But if --uid is provided, things can seem odd. For example:

$ ch-run --uid 0 /var/tmp/hello.sqfs -- bash
> ls -nd /home/reidpr
drwxr-xr-x 87 0 901 4096 Sep 28 18:12 /home/reidpr
> ls -ld /home/reidpr
drwxr-xr-x 87 root reidpr 4096 Sep 28 18:12 /home/reidpr

This UID mapping can contain only one pair: an arbitrary container UID to your effective UID on the host. Thus, all other users are unmapped, and they show up as nobody:

$ ls -n /tmp/foo
-rw-rw---- 1 902 902 0 Sep 28 15:40 /tmp/foo
$ ls -l /tmp/foo
-rw-rw---- 1 sig sig 0 Sep 28 15:40 /tmp/foo
$ ch-run /var/tmp/hello.sqfs -- bash
> ls -n /tmp/foo
-rw-rw---- 1 65534 65534 843 Sep 28 21:40 /tmp/foo
> ls -l /tmp/foo
-rw-rw---- 1 nobody nogroup 843 Sep 28 21:40 /tmp/foo

User namespaces have a similar mapping for GIDs, with the same limitation — exactly one arbitrary container GID maps to your effective primary GID. This can lead to some strange-looking results, because only one of your GIDs can be mapped in any given container. All the rest become nogroup:

$ id
uid=901(reidpr) gid=901(reidpr) groups=901(reidpr),903(nerds),904(losers)
$ ch-run /var/tmp/hello.sqfs -- id
uid=901(reidpr) gid=901(reidpr) groups=901(reidpr),65534(nogroup)
$ ch-run --gid 903 /var/tmp/hello.sqfs -- id
uid=901(reidpr) gid=903(nerds) groups=903(nerds),65534(nogroup)
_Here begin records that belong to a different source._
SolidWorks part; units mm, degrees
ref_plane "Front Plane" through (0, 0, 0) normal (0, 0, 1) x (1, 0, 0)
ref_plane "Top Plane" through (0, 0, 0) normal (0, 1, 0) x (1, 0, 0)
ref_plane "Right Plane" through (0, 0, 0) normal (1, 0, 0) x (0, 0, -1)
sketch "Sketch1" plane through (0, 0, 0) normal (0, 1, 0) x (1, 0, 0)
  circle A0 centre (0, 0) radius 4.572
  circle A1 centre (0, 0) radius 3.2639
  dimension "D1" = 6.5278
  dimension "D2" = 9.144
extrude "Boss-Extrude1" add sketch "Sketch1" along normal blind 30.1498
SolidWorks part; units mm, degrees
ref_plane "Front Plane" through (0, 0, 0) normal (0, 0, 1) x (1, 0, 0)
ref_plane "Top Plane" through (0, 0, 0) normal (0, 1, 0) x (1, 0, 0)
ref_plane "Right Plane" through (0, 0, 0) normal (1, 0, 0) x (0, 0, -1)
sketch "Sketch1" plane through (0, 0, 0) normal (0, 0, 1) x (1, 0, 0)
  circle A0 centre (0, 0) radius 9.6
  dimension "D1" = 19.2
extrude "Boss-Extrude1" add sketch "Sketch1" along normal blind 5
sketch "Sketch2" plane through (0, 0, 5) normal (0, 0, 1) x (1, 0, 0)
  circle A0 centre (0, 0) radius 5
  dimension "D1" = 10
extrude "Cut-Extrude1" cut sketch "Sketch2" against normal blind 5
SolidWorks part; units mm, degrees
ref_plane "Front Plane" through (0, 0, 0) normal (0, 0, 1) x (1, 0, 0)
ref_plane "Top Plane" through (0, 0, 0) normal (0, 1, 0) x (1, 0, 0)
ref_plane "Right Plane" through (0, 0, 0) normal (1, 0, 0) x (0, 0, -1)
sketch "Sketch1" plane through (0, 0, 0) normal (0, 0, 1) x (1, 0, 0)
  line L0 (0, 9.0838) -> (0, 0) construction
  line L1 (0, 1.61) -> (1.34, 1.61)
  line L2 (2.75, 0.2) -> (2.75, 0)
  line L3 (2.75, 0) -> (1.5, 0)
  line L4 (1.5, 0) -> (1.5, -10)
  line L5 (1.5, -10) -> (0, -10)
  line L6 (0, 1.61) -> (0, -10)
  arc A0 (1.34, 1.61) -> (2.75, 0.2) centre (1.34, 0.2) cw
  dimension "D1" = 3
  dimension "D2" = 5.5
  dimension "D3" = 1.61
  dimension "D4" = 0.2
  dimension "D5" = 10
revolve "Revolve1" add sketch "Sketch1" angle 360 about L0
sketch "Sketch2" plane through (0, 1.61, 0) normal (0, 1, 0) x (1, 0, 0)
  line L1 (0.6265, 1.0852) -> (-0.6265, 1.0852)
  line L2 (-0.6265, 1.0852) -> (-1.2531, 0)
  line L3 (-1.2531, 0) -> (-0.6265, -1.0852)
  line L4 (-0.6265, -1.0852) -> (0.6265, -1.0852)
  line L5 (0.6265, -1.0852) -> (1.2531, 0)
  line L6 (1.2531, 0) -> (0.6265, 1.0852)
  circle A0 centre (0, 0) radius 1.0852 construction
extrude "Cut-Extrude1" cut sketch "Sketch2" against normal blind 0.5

However, this doesn’t affect access. The container process retains the same GIDs from the host perspective, and as always, the host IDs are what control access:

$ ls -l /tmp/primary /tmp/supplemental
-rw-rw---- 1 sig reidpr 0 Sep 28 15:47 /tmp/primary
-rw-rw---- 1 sig nerds  0 Sep 28 15:48 /tmp/supplemental
$ ch-run /var/tmp/hello.sqfs -- bash
> cat /tmp/primary > /dev/null
> cat /tmp/supplemental > /dev/null

One area where functionality is reduced is that chgrp(1) becomes useless. Using an unmapped group or nogroup fails, and using a mapped group is a no-op because it’s mapped back to the host GID:

$ ls -l /tmp/bar
rw-rw---- 1 reidpr reidpr 0 Sep 28 16:12 /tmp/bar
$ ch-run /var/tmp/hello.sqfs -- chgrp nerds /tmp/bar
chgrp: changing group of '/tmp/bar': Invalid argument
$ ch-run /var/tmp/hello.sqfs -- chgrp nogroup /tmp/bar
chgrp: changing group of '/tmp/bar': Invalid argument
$ ch-run --gid 903 /var/tmp/hello.sqfs -- chgrp nerds /tmp/bar
$ ls -l /tmp/bar
-rw-rw---- 1 reidpr reidpr 0 Sep 28 16:12 /tmp/bar

Workarounds include chgrp(1) on the host or fastidious use of setgid directories:

$ mkdir /tmp/baz
$ chgrp nerds /tmp/baz
$ chmod 2770 /tmp/baz
$ ls -ld /tmp/baz
drwxrws--- 2 reidpr nerds 40 Sep 28 16:19 /tmp/baz
$ ch-run /var/tmp/hello.sqfs -- touch /tmp/baz/foo
$ ls -l /tmp/baz/foo
-rw-rw---- 1 reidpr nerds 0 Sep 28 16:21 /tmp/baz/foo

This concludes our discussion of how a Charliecloud container interacts with its host and principal Charliecloud quirks. We next move on to installing software.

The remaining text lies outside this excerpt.